The invention concerns the use of bioluminescence dependent on the reaction (1): luciferin + ATP + O2 + Mg2+ + luciferase -> oxyluciferin + photons for detecting and counting living cells of a given species potentially present in a liquid sample, said use being characterized in that it consists in measuring the total free intracellular adenyl nucleotides (AN) content, expressed in ATP form, of living cells of a given non-viral species, taking into account the fact that the sum of free intracellular ATP, ADP and AMP of said family is constant according to the relationship (2): [AN] = [ATP] + [ADP] + [AMP] = Cte after transforming the free intracellular ATP, ADP and AMP by using myokinase and pyruvate kinase, said measurement being performed (i) without adding ATP and (ii) after adding a known amount of ATP. The invention also concerns a method for detecting and counting cells by ATP-metry.

Description

ATP-métrie à partir de nucléotides adényliques intracellulaires pour détecter et dénombrer des cellules, utilisation et procédé de mise en œuvre pour la détermination de bactéries notamment dépourvues d'ATP ATP-metry from intracellular adenyl nucleotides for detecting and counting cells, use and method of implementation for the determination of bacteria in particular without ATP
Domaine de l'inventionField of the invention
La présente invention a trait à une nouvelle technique d1 ATP-métrie à partir de nucléotides adényliques (AN) intracellulaires libres pour détecter et dénombrer des cellules.

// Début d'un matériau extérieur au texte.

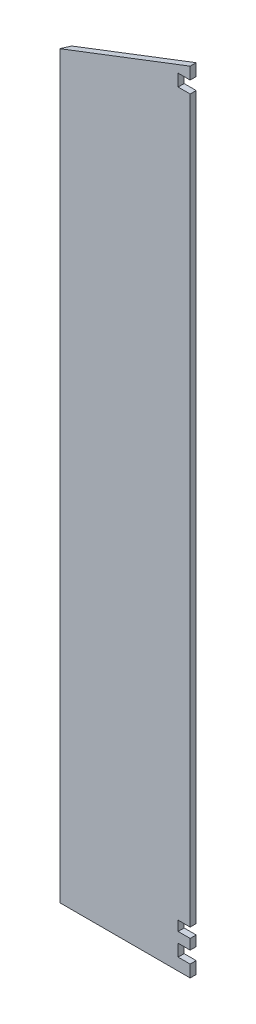
SolidWorks part; units mm, degrees
ref_plane "Front Plane" through (0, 0, 0) normal (0, 0, 1) x (1, 0, 0)
ref_plane "Top Plane" through (0, 0, 0) normal (0, 1, 0) x (1, 0, 0)
ref_plane "Right Plane" through (0, 0, 0) normal (1, 0, 0) x (0, 0, -1)
sketch "Sketch1" plane through (0, 0, 0) normal (0, 0, 1) x (1, 0, 0)
  line L0 (173, 1048.1) -> (-173, 915.283)
  line L1 (-173, -1048.1) -> (173, -1048.1) construction
  line L2 (-173, -1048.1) -> (-173, 1048.1) construction
  line L3 (-173, 1048.1) -> (173, 1048.1) construction
  line L4 (173, -1048.1) -> (173, 1048.1) construction
  line L5 (-173, -1048.1) -> (173, 1048.1) construction
  line L6 (-173, 1048.1) -> (173, -1048.1) construction
  line L7 (-173, 915.283) -> (-173, -1048.1)
  line L8 (-173, -1048.1) -> (173, -1048.1)
  line L9 (173, -1048.1) -> (173, 1048.1)
  line L10 (-157, 921.4249) -> (-157, -1048.1) construction
  point P0 (0, 0)
  dimension "D1" = 346
  dimension "D2" = 2096.2
  dimension "D3" = 69
  dimension "D4" = 1963.383
  dimension "D5" = 16
  dimension "D6" = 1969.5249
extrude "Boss-Extrude1" add sketch "Sketch1" along normal blind 16
sketch "Sketch2" plane through (0, -1048.1, 0) normal (0, -1, 0) x (1, 0, 0)
  line L0 (-173, 16) -> (-157, 16)
  line L1 (-173, 16) -> (173, 16) construction
  line L2 (-157, 16) -> (-173, 0)
  line L3 (-173, 0) -> (-173, 16)
  dimension "D1" = 45
extrude "Cut-Extrude1" [suppressed] cut sketch "Sketch2" against normal through all
sketch "Sketch3" plane through (0, -1048.1, 0) normal (0, -1, 0) x (1, 0, 0)
  line L0 (-173, 16) -> (-157, 0)
  line L1 (-173, 0) -> (173, 0) construction
  line L2 (-157, 0) -> (-173, 0)
  line L3 (-173, 0) -> (-173, 16)
  dimension "D1" = 45
extrude "Cut-Extrude2" cut sketch "Sketch3" against normal through all
sketch "Sketch4" plane through (-328.4399, 855.6152, 0) normal (-0.3584, 0.9336, 0) x (0.9336, 0.3584, 0)
  line L0 (166.4987, -16) -> (537.1149, -16) construction
  dimension "D1" = 370.6162
sketch "Sketch5" [suppressed] plane through (173, 0, 0) normal (1, 0, 0) x (0, 0, -1)
  line L0 (-16, -1048.1) -> (0, -1048.1) construction
  line L1 (-16, 1048.1) -> (-8, 1048.1)
  line L2 (-16, 1048.1) -> (-16, -1048.1)
  line L3 (-16, -1048.1) -> (-8, -1048.1)
  line L4 (-8, 1048.1) -> (-8, -1048.1)
  dimension "D1" = 8
extrude "Cut-Extrude3" [suppressed] cut sketch "Sketch5" against normal blind 32
sketch "Sketch6" plane through (0, 0, 16) normal (0, 0, 1) x (1, 0, 0)
  line L0 (173, -1048.1) -> (173, 1048.1) construction
  line L1 (173, 1016.1) -> (141, 1016.1)
  line L2 (173, 1016.1) -> (173, 984.1)
  line L3 (173, 984.1) -> (141, 984.1)
  line L4 (141, 1016.1) -> (141, 984.1)
  line L5 (-173, -1048.1) -> (173, -1048.1) construction
  line L6 (173, -984.1) -> (141, -984.1)
  line L7 (173, -984.1) -> (173, -1016.1)
  line L8 (173, -1016.1) -> (141, -1016.1)
  line L9 (141, -984.1) -> (141, -1016.1)
  line L10 (173, -957.1) -> (141, -957.1)
  line L11 (141, -957.1) -> (141, -931.1)
  line L12 (141, -931.1) -> (173, -931.1)
  line L13 (173, -931.1) -> (173, -957.1)
  dimension "D1" = 32
  dimension "D2" = 32
  dimension "D3" = 32
  dimension "D4" = 32
  dimension "D5" = 32
  dimension "D6" = 32
  dimension "D7" = 27
  dimension "D8" = 26
extrude "Cut-Extrude4" cut sketch "Sketch6" against normal through all
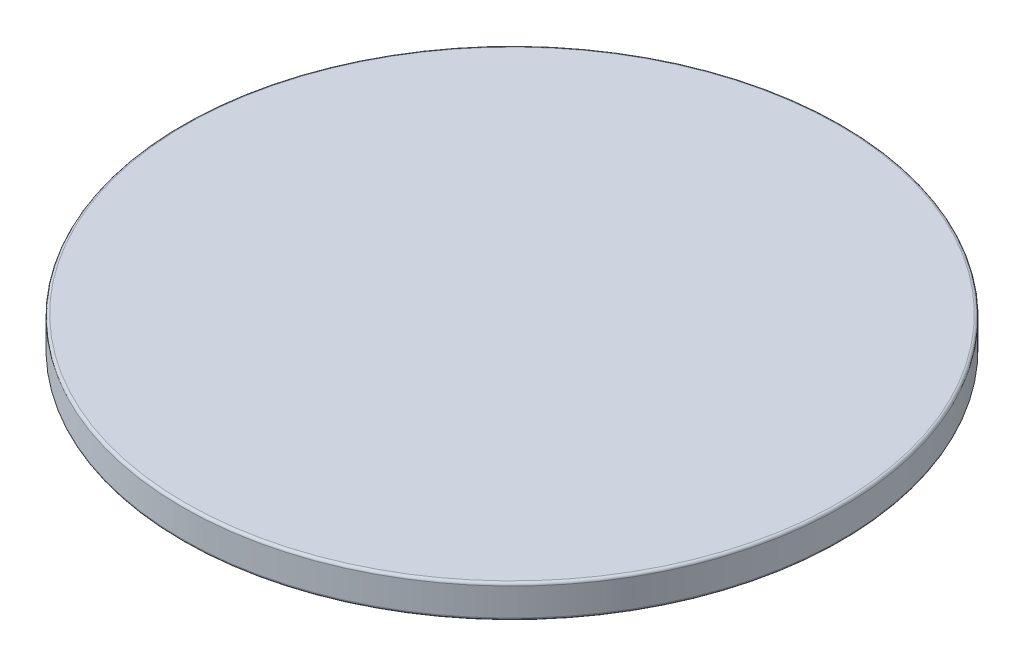
SolidWorks part; units mm, degrees
ref_plane "Front Plane" through (0, 0, 0) normal (0, 0, 1) x (1, 0, 0)
ref_plane "Top Plane" through (0, 0, 0) normal (0, 1, 0) x (1, 0, 0)
ref_plane "Right Plane" through (0, 0, 0) normal (1, 0, 0) x (0, 0, -1)
sketch "Sketch1" plane through (0, 0, 0) normal (0, 1, 0) x (1, 0, 0)
  line L0 (0, 0) -> (0, 250000) construction
  circle A0 centre (0, 0) radius 250000
  circle A1 centre (-42500, 195000) radius 25000 construction
  circle A2 centre (42500, 195000) radius 25000 construction
  circle A3 centre (190124.9537, -60693.9203) radius 25000 construction
  circle A4 centre (147624.9537, -134306.0797) radius 25000 construction
  circle A5 centre (-147624.9537, -134306.0797) radius 25000 construction
  circle A6 centre (-190124.9537, -60693.9203) radius 25000 construction
  point P18 (0, 0)
  dimension "D1" = 500000
  dimension "D4" = 50000
  dimension "D2" = 85000
  dimension "D3" = 195000
  dimension "D5" = 3
extrude "Boss-Extrude1" add sketch "Sketch1" against normal blind 25000
fillet "Fillet1" radius 2000 2 edges at (0, 0, 250000) (0, -25000, 250000)

Elle concerne également l'utilisation de cette nouvelle technique et un procédé de mise en œuvre pour la détermination de bactéries notamment celles qui sont dépourvues d'ATP. Art antérieurThe present invention relates to a new technique of one ATP-metry from adenyl nucleotides (AN) free intracellular for detecting and counting the cells. It also relates to the use of this new technique and an implementation method for the determination of bacteria including those which are devoid of ATP. Prior art
On sait l'ATP-métrie, qui est fondée sur la réaction :We know ATP-metry, which is based on the reaction:
(1) luciférine + ATP + O2 + Mg2+ + luciférase -» oxyluciférine + photons,(1) luciferin + ATP + O 2 + Mg 2+ + luciferase - »oxyluciferin + photons,
permet de mesurer efficacement la teneur en ATP d'un milieu. Cette réaction est spécifique de l'ATP, quel que soit le système utilisé luciférine (substrat)/luciférase (enzyme). Elle permet de distinguer les cellules mortes (dépourvues d'ATP) des cellules vivantes quand celles-ci contiennent de I1ATP.makes it possible to effectively measure the ATP content of a medium. This reaction is specific for ATP, regardless of the system used luciferin (substrate) / luciferase (enzyme). It distinguishes dead cells (lacking ATP) from living cells when they contain 1 I ATP.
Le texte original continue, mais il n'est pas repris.